[R-G] The Kings of England - George Monbiot
Richard Menec
menecraj at shaw.ca
Tue Jan 1 20:03:17 MST 2008
http://www.monbiot.com/archives/2008/01/01/the-kings-of-england/
The Kings of England
The unaccountable people who launched the Iraq war have learnt nothing from
it.
by George Monbiot
Published in the Guardian (January 01, 2008)
If you doubt that Britain needs a written constitution, listen to the
strangely unbalanced discussion broadcast by the BBC on Friday. The Today
programme asked Lord Guthrie, formerly chief of the defence staff, and Sir
Kevin Tebbit, until recently the senior civil servant at the Ministry of
Defence, if parliament should decide whether or not this country goes to
war.

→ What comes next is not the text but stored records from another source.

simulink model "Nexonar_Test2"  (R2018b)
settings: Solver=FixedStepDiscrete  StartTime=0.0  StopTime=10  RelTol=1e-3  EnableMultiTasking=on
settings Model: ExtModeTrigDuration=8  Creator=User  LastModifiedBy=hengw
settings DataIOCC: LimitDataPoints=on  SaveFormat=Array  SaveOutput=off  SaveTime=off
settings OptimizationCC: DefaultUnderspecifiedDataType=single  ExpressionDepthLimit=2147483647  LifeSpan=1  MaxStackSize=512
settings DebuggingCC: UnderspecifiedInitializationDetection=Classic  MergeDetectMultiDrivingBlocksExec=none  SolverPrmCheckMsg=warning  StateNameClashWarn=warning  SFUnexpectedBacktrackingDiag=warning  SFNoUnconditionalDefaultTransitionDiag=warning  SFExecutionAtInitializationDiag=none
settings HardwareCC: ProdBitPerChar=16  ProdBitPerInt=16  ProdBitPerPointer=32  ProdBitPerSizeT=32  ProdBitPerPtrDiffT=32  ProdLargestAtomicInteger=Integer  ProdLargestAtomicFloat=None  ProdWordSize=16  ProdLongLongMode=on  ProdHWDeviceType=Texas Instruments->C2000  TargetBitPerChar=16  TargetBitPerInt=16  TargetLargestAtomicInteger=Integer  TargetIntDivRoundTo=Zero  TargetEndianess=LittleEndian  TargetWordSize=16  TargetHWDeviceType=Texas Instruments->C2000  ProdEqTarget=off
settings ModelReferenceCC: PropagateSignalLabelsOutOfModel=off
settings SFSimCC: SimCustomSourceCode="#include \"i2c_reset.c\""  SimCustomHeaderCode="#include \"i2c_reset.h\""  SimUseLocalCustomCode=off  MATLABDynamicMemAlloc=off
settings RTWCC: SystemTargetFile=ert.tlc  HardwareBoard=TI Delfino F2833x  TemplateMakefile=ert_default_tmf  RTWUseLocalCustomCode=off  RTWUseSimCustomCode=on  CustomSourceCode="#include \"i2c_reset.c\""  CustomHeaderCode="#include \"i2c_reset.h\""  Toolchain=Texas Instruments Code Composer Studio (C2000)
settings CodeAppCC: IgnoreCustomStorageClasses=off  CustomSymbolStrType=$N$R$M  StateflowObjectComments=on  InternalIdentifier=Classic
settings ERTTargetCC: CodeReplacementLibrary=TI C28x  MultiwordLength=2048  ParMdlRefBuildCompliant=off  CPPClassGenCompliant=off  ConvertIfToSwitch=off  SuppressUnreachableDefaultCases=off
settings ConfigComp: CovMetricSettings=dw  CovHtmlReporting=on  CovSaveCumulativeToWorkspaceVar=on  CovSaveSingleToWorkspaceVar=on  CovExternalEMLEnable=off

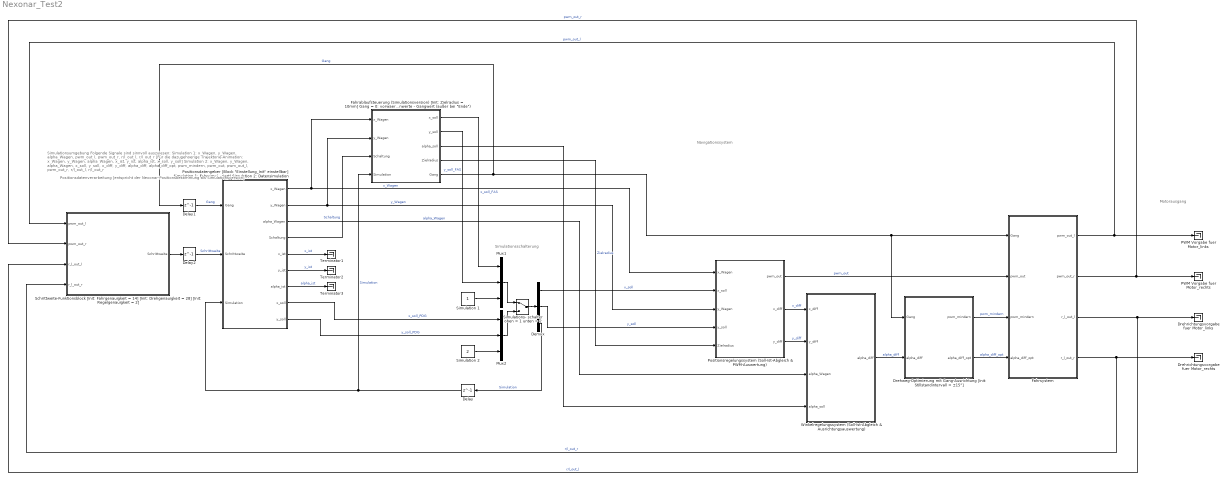
== system Nexonar_Test2 ==
  note: Simulationsschalterung
  note: Simulationsumgebung
      |
      |
      |
      |
      |
      |
      |
      |
      |
      |
      |
      |
      |
      |
      |
      |
      |
      |
      |
      |
      |
      |
      |
      |
      |
      |
      |
      |
      |
      |
      |
      |
      |
      |
      |
      |
      |
      |
      |
      |
      |
      | Folgende Signale sind sinnvoll auszulesen:
      | Simulation 1: x_Wagen, y_Wagen, alpha_Wagen, pwm_out_l, pwm_out_r, r/l_out_l, r/l_out_r
      | [Für die dazugehoerige Trajektorie-Animation: x_Wagen, y_Wagen, alpha_Wagen, x_ist, y_ist, alpha_ist, x_soll, y_soll]
      | Simulation 2: x_Wagen, y_Wagen, alpha_Wagen, x_soll, y_soll, x_diff, y_diff, alpha_diff, alpha_diff_opt, pwm_mindern, pwm_out, pwm_out_l, pwm_out_r, r/l_out_l, r/l_out_r
  note: Navigationssystem
  note: Motorausgang
  note: Positionsdatenverarbeitung
      |
      |
      |
      |
      |
      |
      |
      |
      |
      |
      |
      |
      |
      |
      |
      |
      |
      |
      |
      |
      |
      |
      |
      |
      |
      |
      |
      |
      |
      | [entspricht der Nexonar-Positionsbestimmung
      | als Simulationsversion]
  Delay : Delay  DelayLength=1  InitialCondition=0
  Delay1 : Delay  DelayLength=1  InitialCondition=0
  Delay2 : Delay  DelayLength=1  InitialCondition=0
  Demux : Demux  Outputs=3
  Drehrichtungsvorgabe fuer Motor_links : Terminator
  Drehrichtungsvorgabe fuer Motor_rechts : Terminator
  Drehweg-Optimierung mit Gang-Ausrichtung [Init: Stillstandintervall = ±15°] : Stateflow chart  TreatAsAtomicUnit=on
  "Fahrablaufsteuerung (Simulationsversion) [Init: Zielradius = 10mm] Gang = 0: vorwaerts Gang = 1: rueckwaerts Folgende Werte fuer den Ablauf sind einstellbar: - Zielkoordinatenwerte - Gangwert (außer bei \"Ende\")" : Stateflow chart  TreatAsAtomicUnit=on
  Fahrsystem : Stateflow chart  TreatAsAtomicUnit=on
  Mux1 : Mux  Inputs=3
  Mux2 : Mux  Inputs=3
  PWM Vorgabe fuer Motor_links : Terminator
  PWM Vorgabe fuer Motor_rechts : Terminator
  "Positionsdatengeber [Block \"Einstellung_Init\" einstellbar] Simulation 1: Fahrsimulation (Konvertierung integriert) Simulation 2: Datensimulation" : Stateflow chart  TreatAsAtomicUnit=on
  Positionsregelungssystem (Soll-Ist-Abgleich & PWM-Auswertung) : Subsystem
  Schrittweite-Funktionsblock [Init: Fahrgenauigkeit = 14] [Init: Drehgenauigkeit = 28] [Init: Regelgenauigkeit = 2] : MATLAB Function  TreatAsAtomicUnit=on
  Simulation 1 : Constant
  Simulation 2 : Constant  Value=2
  Simulations- schalter oben = 1 unten = 2 : ManualSwitch
  Terminator1 : Terminator
  Terminator2 : Terminator
  Terminator3 : Terminator
  Winkelregelungssystem (Soll-Ist-Abgleich & Ausrichtungsauswertung) : Subsystem
  wires:
  "Positionsdatengeber [Block \"Einstellung_Init\" einstellbar] Simulation 1: Fahrsimulation (Konvertierung integriert) Simulation 2: Datensimulation"/2(y_Wagen) -> Positionsregelungssystem (Soll-Ist-Abgleich & PWM-Auswertung)/3(y_Wagen), "Fahrablaufsteuerung (Simulationsversion) [Init: Zielradius = 10mm] Gang = 0: vorwaerts Gang = 1: rueckwaerts Folgende Werte fuer den Ablauf sind einstellbar: - Zielkoordinatenwerte - Gangwert (außer bei \"Ende\")"/2(y_Wagen)  "y_Wagen"
  Fahrsystem/4(r_l_out_r) -> Schrittweite-Funktionsblock [Init: Fahrgenauigkeit = 14] [Init: Drehgenauigkeit = 28] [Init: Regelgenauigkeit = 2]/4(r_l_out_r), Drehrichtungsvorgabe fuer Motor_rechts/1  "r/l_out_r"
  Fahrsystem/3(r_l_out_l) -> Drehrichtungsvorgabe fuer Motor_links/1, Schrittweite-Funktionsblock [Init: Fahrgenauigkeit = 14] [Init: Drehgenauigkeit = 28] [Init: Regelgenauigkeit = 2]/3(r_l_out_l)  "r/l_out_l"
  "Positionsdatengeber [Block \"Einstellung_Init\" einstellbar] Simulation 1: Fahrsimulation (Konvertierung integriert) Simulation 2: Datensimulation"/1(x_Wagen) -> Positionsregelungssystem (Soll-Ist-Abgleich & PWM-Auswertung)/1(x_Wagen), "Fahrablaufsteuerung (Simulationsversion) [Init: Zielradius = 10mm] Gang = 0: vorwaerts Gang = 1: rueckwaerts Folgende Werte fuer den Ablauf sind einstellbar: - Zielkoordinatenwerte - Gangwert (außer bei \"Ende\")"/1(x_Wagen)  "x_Wagen"
  Demux/1 -> Positionsregelungssystem (Soll-Ist-Abgleich & PWM-Auswertung)/2(x_soll)  "x_soll"
  Demux/2 -> Positionsregelungssystem (Soll-Ist-Abgleich & PWM-Auswertung)/4(y_soll)  "y_soll"
  Schrittweite-Funktionsblock [Init: Fahrgenauigkeit = 14] [Init: Drehgenauigkeit = 28] [Init: Regelgenauigkeit = 2]/1(Schrittweite) -> Delay2/1
  Fahrsystem/1(pwm_out_l) -> PWM Vorgabe fuer Motor_links/1, Schrittweite-Funktionsblock [Init: Fahrgenauigkeit = 14] [Init: Drehgenauigkeit = 28] [Init: Regelgenauigkeit = 2]/1(pwm_out_l)  "pwm_out_l"
  Fahrsystem/2(pwm_out_r) -> Schrittweite-Funktionsblock [Init: Fahrgenauigkeit = 14] [Init: Drehgenauigkeit = 28] [Init: Regelgenauigkeit = 2]/2(pwm_out_r), PWM Vorgabe fuer Motor_rechts/1  "pwm_out_r"
  Delay1/1 -> "Positionsdatengeber [Block \"Einstellung_Init\" einstellbar] Simulation 1: Fahrsimulation (Konvertierung integriert) Simulation 2: Datensimulation"/1(Gang)  "Gang"
  "Positionsdatengeber [Block \"Einstellung_Init\" einstellbar] Simulation 1: Fahrsimulation (Konvertierung integriert) Simulation 2: Datensimulation"/3(alpha_Wagen) -> Winkelregelungssystem (Soll-Ist-Abgleich & Ausrichtungsauswertung)/3(alpha_Wagen)  "alpha_Wagen"
  Simulation 1/1 -> Mux1/3
  Simulation 2/1 -> Mux2/3
  Demux/3 -> Delay/1  "Simulation"
  "Positionsdatengeber [Block \"Einstellung_Init\" einstellbar] Simulation 1: Fahrsimulation (Konvertierung integriert) Simulation 2: Datensimulation"/9(y_soll) -> Mux2/2  "y_soll_PDG"
  "Positionsdatengeber [Block \"Einstellung_Init\" einstellbar] Simulation 1: Fahrsimulation (Konvertierung integriert) Simulation 2: Datensimulation"/8(x_soll) -> Mux2/1  "x_soll_PDG"
  "Fahrablaufsteuerung (Simulationsversion) [Init: Zielradius = 10mm] Gang = 0: vorwaerts Gang = 1: rueckwaerts Folgende Werte fuer den Ablauf sind einstellbar: - Zielkoordinatenwerte - Gangwert (außer bei \"Ende\")"/2(y_soll) -> Mux1/2  "y_soll_FAS"
  "Fahrablaufsteuerung (Simulationsversion) [Init: Zielradius = 10mm] Gang = 0: vorwaerts Gang = 1: rueckwaerts Folgende Werte fuer den Ablauf sind einstellbar: - Zielkoordinatenwerte - Gangwert (außer bei \"Ende\")"/1(x_soll) -> Mux1/1  "x_soll_FAS"
  Delay2/1 -> "Positionsdatengeber [Block \"Einstellung_Init\" einstellbar] Simulation 1: Fahrsimulation (Konvertierung integriert) Simulation 2: Datensimulation"/2(Schrittweite)  "Schrittweite"
  "Positionsdatengeber [Block \"Einstellung_Init\" einstellbar] Simulation 1: Fahrsimulation (Konvertierung integriert) Simulation 2: Datensimulation"/4(Schaltung) -> "Fahrablaufsteuerung (Simulationsversion) [Init: Zielradius = 10mm] Gang = 0: vorwaerts Gang = 1: rueckwaerts Folgende Werte fuer den Ablauf sind einstellbar: - Zielkoordinatenwerte - Gangwert (außer bei \"Ende\")"/3(Schaltung)  "Schaltung"
  "Fahrablaufsteuerung (Simulationsversion) [Init: Zielradius = 10mm] Gang = 0: vorwaerts Gang = 1: rueckwaerts Folgende Werte fuer den Ablauf sind einstellbar: - Zielkoordinatenwerte - Gangwert (außer bei \"Ende\")"/4(Zielradius) -> Positionsregelungssystem (Soll-Ist-Abgleich & PWM-Auswertung)/5(Zielradius)  "Zielradius"
  Simulations- schalter oben = 1 unten = 2/1 -> Demux/1
  Mux2/1 -> Simulations- schalter oben = 1 unten = 2/2
  Mux1/1 -> Simulations- schalter oben = 1 unten = 2/1
  Delay/1 -> "Positionsdatengeber [Block \"Einstellung_Init\" einstellbar] Simulation 1: Fahrsimulation (Konvertierung integriert) Simulation 2: Datensimulation"/3(Simulation), "Fahrablaufsteuerung (Simulationsversion) [Init: Zielradius = 10mm] Gang = 0: vorwaerts Gang = 1: rueckwaerts Folgende Werte fuer den Ablauf sind einstellbar: - Zielkoordinatenwerte - Gangwert (außer bei \"Ende\")"/4(Simulation)  "Simulation"
  "Positionsdatengeber [Block \"Einstellung_Init\" einstellbar] Simulation 1: Fahrsimulation (Konvertierung integriert) Simulation 2: Datensimulation"/5(x_ist) -> Terminator1/1  "x_ist"
  "Positionsdatengeber [Block \"Einstellung_Init\" einstellbar] Simulation 1: Fahrsimulation (Konvertierung integriert) Simulation 2: Datensimulation"/6(y_ist) -> Terminator2/1  "y_ist"
  Drehweg-Optimierung mit Gang-Ausrichtung [Init: Stillstandintervall = ±15°]/2(alpha_diff_opt) -> Fahrsystem/4(alpha_diff_opt)  "alpha_diff_opt"
  Positionsregelungssystem (Soll-Ist-Abgleich & PWM-Auswertung)/3(y_diff) -> Winkelregelungssystem (Soll-Ist-Abgleich & Ausrichtungsauswertung)/2(y_diff)  "y_diff"
  Drehweg-Optimierung mit Gang-Ausrichtung [Init: Stillstandintervall = ±15°]/1(pwm_mindern) -> Fahrsystem/3(pwm_mindern)  "pwm_mindern"
  Winkelregelungssystem (Soll-Ist-Abgleich & Ausrichtungsauswertung)/1(alpha_diff) -> Drehweg-Optimierung mit Gang-Ausrichtung [Init: Stillstandintervall = ±15°]/2(alpha_diff)  "alpha_diff"
  Positionsregelungssystem (Soll-Ist-Abgleich & PWM-Auswertung)/2(x_diff) -> Winkelregelungssystem (Soll-Ist-Abgleich & Ausrichtungsauswertung)/1(x_diff)  "x_diff"
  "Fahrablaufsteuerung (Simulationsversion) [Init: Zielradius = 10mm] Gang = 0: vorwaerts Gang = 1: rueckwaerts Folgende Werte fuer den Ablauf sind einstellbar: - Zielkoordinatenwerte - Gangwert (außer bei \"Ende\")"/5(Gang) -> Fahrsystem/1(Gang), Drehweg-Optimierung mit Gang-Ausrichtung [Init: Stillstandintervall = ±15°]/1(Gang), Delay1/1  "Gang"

The discussion was a terrifying exposure of the privileges of
unaccountable power. It explained as well as anything I have heard how
Britain became party to a crime that might have killed a million people.
Lord Guthrie argued that parliamentary approval would mean that intelligence
had to be shared with MPs; that the other side could not be taken by
surprise ("do you want to warn the enemy you are going to do it?"), and that
commanders should have "a choice about when to attack and when not to
attack". Sir Kevin maintained that "no prime minister would be able to
deploy forces without being able to command a parliamentary majority. In
that sense the executive is already accountable to parliament." Once the
prime minister has his majority, in other words, MPs become redundant.
Let me dwell for a moment on what Lord Guthrie said, for he appears to be
advocating that we retain the right to commit war crimes. States in dispute
with each other, the UN Charter says, must first seek to solve their
differences by "peaceful means" (article 33) {1}. If these fail, they should
refer the matter to the Security Council (#37), which decides what measures
should be taken (#39). Taking the enemy by surprise is a useful tactic in
battle, and encounters can be won only if commanders are able to make
decisions quickly. But either Lord Guthrie does not understand the
difference between a battle and a war - which is unlikely in view of his 44
years of service {2} - or he does not understand the most basic point in
international law. Launching a surprise war is forbidden by the charter.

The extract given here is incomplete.